# FEdora 7] Windows virtuell auf USB-Platte laufenlassen



## Moritz123 (7. Oktober 2007)

Hallo!

zunächst einige Wort zur Erklärung: ich habe mir eine neue Festplatte für mein Notebook gekauft und hier Linux (Fedora 7) installiert, da ich gerne mehr mit diesem OS arbeiten möchte und auch über kurz oder lang gänzlich wechseln will. Nun stehe ich vor dem Problem, dass ich natürlich als Ex-WinXP-Nutzer immer nochmal an Daten oder Programme, die es so auf Linux nicht gibt, zugreifen möchte.

Nun zu meinem Problem: Derzeit ist es so, dass ich die Linux-Festplatte aus- und die Windows-Platte einbauen muss, wenn ich dochmal an Daten auf der alten Platte ranwill. Das ist bei meinem Notebook (Sony Vaio) mit einigem Aufwand verbunden und nervt mich nicht nur - ich denke auch der Hardware (im eigentlichen Sinne; also den Bauteilen und Schrauben mit ihren Gewinden) ist das nicht besonders zuträglich. Daher habe ich mir gedacht: Ich kaufe mir einfach ein USB-Gehäuse und virtualisiere mein Windows einfach, wenn ich es brauche. Booten direkt vom USB-Datenträger geht leider nicht, da mein Bios das noch nicht unterstützt.

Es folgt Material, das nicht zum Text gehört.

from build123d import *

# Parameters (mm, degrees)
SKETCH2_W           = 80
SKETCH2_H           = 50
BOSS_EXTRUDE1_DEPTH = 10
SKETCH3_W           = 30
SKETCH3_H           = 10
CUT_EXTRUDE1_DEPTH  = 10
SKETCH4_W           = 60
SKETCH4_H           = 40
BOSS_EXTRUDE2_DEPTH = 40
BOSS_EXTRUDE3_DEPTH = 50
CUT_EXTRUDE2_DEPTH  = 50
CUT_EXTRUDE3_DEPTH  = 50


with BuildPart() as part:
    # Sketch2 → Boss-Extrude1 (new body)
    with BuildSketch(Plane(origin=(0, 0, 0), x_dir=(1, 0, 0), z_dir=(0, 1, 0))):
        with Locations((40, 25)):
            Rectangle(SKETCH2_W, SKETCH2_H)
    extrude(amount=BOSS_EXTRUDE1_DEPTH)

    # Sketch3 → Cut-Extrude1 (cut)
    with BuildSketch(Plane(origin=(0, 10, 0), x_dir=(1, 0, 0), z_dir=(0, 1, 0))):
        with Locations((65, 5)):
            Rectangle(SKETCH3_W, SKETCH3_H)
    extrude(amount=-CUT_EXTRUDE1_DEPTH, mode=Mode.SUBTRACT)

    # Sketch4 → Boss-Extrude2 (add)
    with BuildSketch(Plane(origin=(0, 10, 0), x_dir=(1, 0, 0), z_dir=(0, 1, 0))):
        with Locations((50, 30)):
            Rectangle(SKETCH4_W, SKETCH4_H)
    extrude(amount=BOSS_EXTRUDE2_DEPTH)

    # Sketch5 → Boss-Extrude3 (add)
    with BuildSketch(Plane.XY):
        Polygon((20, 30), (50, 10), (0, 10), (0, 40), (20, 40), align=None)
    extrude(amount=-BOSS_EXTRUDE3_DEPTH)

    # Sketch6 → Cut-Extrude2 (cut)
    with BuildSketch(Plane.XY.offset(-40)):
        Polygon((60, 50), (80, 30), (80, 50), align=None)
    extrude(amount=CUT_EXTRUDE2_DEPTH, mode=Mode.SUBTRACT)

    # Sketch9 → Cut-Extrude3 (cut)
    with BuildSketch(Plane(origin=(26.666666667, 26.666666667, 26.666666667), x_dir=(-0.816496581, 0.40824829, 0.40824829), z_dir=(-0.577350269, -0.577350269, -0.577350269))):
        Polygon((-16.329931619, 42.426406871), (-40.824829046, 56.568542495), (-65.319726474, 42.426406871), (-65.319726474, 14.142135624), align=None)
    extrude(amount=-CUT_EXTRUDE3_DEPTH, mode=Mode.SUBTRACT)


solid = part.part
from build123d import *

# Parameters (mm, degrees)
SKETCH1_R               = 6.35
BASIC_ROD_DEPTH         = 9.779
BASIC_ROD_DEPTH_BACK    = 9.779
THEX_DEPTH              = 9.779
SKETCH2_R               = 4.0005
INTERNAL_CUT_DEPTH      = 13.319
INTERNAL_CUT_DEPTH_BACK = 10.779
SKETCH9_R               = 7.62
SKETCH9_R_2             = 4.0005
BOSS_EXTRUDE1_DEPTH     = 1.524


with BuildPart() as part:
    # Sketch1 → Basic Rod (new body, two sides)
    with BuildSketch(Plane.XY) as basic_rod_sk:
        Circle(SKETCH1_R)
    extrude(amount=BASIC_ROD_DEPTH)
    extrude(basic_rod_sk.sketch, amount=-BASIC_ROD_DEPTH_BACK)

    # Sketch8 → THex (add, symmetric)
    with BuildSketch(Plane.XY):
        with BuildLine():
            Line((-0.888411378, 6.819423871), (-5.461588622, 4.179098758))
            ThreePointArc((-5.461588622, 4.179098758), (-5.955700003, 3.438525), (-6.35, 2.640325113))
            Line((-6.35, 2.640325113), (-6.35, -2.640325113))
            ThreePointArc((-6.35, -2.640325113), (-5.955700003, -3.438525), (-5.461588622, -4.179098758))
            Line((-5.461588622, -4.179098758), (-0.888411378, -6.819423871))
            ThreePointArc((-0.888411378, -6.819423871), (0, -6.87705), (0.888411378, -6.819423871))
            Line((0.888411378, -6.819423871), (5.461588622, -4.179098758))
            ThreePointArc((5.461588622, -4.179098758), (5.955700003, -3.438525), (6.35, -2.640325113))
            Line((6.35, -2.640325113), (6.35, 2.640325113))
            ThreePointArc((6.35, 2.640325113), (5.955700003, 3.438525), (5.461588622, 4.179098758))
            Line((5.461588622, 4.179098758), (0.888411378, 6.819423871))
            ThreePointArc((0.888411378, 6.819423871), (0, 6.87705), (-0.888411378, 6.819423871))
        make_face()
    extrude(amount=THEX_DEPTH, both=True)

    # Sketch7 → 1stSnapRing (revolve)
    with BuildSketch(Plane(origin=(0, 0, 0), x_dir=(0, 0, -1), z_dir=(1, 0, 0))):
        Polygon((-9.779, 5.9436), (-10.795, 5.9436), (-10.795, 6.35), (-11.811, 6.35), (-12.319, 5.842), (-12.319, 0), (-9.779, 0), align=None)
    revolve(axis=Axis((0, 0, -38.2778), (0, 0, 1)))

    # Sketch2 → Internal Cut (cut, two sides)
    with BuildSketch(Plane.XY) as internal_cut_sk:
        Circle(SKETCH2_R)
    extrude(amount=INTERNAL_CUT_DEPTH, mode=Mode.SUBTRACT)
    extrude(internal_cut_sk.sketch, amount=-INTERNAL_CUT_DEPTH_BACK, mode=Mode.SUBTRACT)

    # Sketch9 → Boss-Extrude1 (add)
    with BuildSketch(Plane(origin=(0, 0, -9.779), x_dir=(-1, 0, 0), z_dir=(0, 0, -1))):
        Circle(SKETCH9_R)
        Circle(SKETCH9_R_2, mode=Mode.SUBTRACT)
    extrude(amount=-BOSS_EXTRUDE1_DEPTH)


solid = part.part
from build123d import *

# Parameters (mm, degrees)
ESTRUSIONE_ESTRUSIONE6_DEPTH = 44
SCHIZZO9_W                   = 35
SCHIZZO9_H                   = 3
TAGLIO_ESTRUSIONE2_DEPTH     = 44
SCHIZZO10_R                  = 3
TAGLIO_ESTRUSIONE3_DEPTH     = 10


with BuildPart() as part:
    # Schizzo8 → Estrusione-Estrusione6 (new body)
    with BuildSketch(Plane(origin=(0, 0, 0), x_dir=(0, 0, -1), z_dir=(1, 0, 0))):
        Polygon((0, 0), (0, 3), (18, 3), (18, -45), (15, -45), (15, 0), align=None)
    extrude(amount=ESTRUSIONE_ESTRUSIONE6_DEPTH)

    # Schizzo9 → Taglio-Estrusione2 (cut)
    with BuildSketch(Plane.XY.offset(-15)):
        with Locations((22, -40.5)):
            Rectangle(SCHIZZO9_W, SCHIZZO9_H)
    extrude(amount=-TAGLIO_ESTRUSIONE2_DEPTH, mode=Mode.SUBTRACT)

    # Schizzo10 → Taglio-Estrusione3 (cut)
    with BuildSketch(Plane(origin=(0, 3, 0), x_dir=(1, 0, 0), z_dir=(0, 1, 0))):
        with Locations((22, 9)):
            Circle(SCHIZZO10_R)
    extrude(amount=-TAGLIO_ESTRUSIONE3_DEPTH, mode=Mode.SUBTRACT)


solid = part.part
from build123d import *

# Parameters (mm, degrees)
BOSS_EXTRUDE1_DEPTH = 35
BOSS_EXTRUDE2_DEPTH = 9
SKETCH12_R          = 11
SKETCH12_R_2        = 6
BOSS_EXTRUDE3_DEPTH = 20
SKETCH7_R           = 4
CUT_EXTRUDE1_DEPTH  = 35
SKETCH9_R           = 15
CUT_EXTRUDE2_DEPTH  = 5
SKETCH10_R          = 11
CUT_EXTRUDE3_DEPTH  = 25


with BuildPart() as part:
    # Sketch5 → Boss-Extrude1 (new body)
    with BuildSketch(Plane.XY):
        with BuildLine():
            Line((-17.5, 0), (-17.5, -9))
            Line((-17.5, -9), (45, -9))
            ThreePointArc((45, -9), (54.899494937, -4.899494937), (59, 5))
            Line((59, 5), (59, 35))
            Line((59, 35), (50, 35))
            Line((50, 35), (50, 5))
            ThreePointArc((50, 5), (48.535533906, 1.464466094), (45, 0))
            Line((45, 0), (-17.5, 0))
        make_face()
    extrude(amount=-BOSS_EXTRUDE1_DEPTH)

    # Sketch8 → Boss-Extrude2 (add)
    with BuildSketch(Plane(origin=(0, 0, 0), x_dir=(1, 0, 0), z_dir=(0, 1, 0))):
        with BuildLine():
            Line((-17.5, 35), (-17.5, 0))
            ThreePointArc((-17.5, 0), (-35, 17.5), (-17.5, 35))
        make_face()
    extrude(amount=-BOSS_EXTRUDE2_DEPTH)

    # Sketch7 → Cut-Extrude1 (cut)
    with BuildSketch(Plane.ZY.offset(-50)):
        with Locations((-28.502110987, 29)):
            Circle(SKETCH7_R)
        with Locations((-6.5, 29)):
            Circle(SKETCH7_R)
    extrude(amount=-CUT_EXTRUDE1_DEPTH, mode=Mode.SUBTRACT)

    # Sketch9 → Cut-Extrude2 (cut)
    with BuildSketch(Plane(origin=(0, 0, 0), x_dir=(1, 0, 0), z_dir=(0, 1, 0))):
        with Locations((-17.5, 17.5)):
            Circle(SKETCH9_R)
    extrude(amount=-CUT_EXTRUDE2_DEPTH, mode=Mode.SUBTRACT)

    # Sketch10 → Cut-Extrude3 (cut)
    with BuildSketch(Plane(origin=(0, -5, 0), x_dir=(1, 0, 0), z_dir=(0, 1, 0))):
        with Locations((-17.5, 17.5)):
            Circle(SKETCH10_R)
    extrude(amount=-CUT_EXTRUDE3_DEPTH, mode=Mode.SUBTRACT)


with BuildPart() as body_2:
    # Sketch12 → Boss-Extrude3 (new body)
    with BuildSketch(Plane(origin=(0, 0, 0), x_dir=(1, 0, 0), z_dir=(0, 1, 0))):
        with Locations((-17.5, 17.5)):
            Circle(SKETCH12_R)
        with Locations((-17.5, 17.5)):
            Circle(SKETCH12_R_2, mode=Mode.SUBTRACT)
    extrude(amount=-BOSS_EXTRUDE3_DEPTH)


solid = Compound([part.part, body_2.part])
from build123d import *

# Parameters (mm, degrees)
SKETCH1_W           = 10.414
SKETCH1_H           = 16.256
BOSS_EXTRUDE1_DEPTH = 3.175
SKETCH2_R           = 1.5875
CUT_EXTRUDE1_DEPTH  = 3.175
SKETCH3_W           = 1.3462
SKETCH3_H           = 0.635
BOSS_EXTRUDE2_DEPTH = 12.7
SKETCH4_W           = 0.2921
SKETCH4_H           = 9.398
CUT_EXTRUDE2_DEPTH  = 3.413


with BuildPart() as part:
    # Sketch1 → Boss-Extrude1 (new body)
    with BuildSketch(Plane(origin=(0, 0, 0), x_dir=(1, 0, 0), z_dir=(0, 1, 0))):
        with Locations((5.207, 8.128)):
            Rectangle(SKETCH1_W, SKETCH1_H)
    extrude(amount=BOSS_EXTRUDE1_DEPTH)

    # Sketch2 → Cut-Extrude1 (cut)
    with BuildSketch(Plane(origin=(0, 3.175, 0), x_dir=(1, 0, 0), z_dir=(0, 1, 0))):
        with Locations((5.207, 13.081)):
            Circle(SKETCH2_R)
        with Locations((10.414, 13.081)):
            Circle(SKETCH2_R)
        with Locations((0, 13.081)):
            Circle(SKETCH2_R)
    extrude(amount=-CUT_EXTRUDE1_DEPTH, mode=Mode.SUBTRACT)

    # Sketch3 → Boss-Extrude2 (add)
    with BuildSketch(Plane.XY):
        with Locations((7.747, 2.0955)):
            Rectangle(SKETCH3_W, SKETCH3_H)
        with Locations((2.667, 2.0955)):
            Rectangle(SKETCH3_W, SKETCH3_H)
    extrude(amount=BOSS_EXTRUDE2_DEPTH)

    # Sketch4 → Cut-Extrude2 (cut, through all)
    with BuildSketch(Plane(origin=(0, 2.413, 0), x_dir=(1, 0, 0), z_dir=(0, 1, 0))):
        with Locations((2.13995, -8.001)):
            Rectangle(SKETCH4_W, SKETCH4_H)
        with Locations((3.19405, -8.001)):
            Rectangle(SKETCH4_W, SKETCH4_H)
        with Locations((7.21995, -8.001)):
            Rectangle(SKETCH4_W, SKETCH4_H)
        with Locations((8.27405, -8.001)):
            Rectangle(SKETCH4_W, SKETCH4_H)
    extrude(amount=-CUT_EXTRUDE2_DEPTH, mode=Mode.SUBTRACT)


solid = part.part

Nun meine Frage/n: ist das, wie ich mir das vorstelle überhaupt möglich? Kann ich meine  alten Windows-Daten und Programme dann einfach weiternutzen oder stelle ich mir das hier zu einfach vor? Wenn es gehen sollte: wie?

Vielen Dank und einen schönen Sonntag noch!


----------



## Dennis Wronka (8. Oktober 2007)

Das Problem koennte sein, dass Windows mit anderen Treibers als fuer die emulierte Hardware noetig ist ausgestattet ist.

Du kannst probieren es zu booten, es koennte aber in die Hose gehen.
Zu empfehlen waere eine Neuinstallation von Windows, in der virtuellen Maschine.
Falls Deine CPU Virtualisierung unterstuetzt wuerde ich zu KVM raten, ansonsten QEmu mit dem KQEmu-Modul. Ansonsten kommt Du wohl eher nicht zu wirklich zufriedenstellender Leistung.


----------



## MiMi (8. Oktober 2007)

Also ich habe noch VMware installiert fuer mein virtuelles Linux. Zum programmiern super . Und ich kann weiterhin windows nutzen zum zoggen etc.


----------



## Moritz123 (8. Oktober 2007)

Hallo!

vielen Dank für die Antworten. 
Mein Notebook hat einen Centrino - unterstützt dieser Virtualisierung?
Kennt Ihr gute Ressourcen zum Nachlesen?
Hier nochmal ein Hinweis: ich möchte nicht von Windows aus Linux virtualisieren sondern umgekehrt!


----------



## Dennis Wronka (8. Oktober 2007)

Centrino ist kein Prozessor, sondern eine Spezifikation fuer Notebooks. Centrino bedeutet schlichtweg dass bestimmte Hardware im Notebook verbaut ist.
Was aber schonmal gut ist: Linux funktioniert auf einem Centrino-Notebook wunderbar. Ich hab ein ThinkPad R60e, auch mit einem schicken Centrino-Sticker, und *alles* laeuft bestens, inklusive WLAN und Blautod.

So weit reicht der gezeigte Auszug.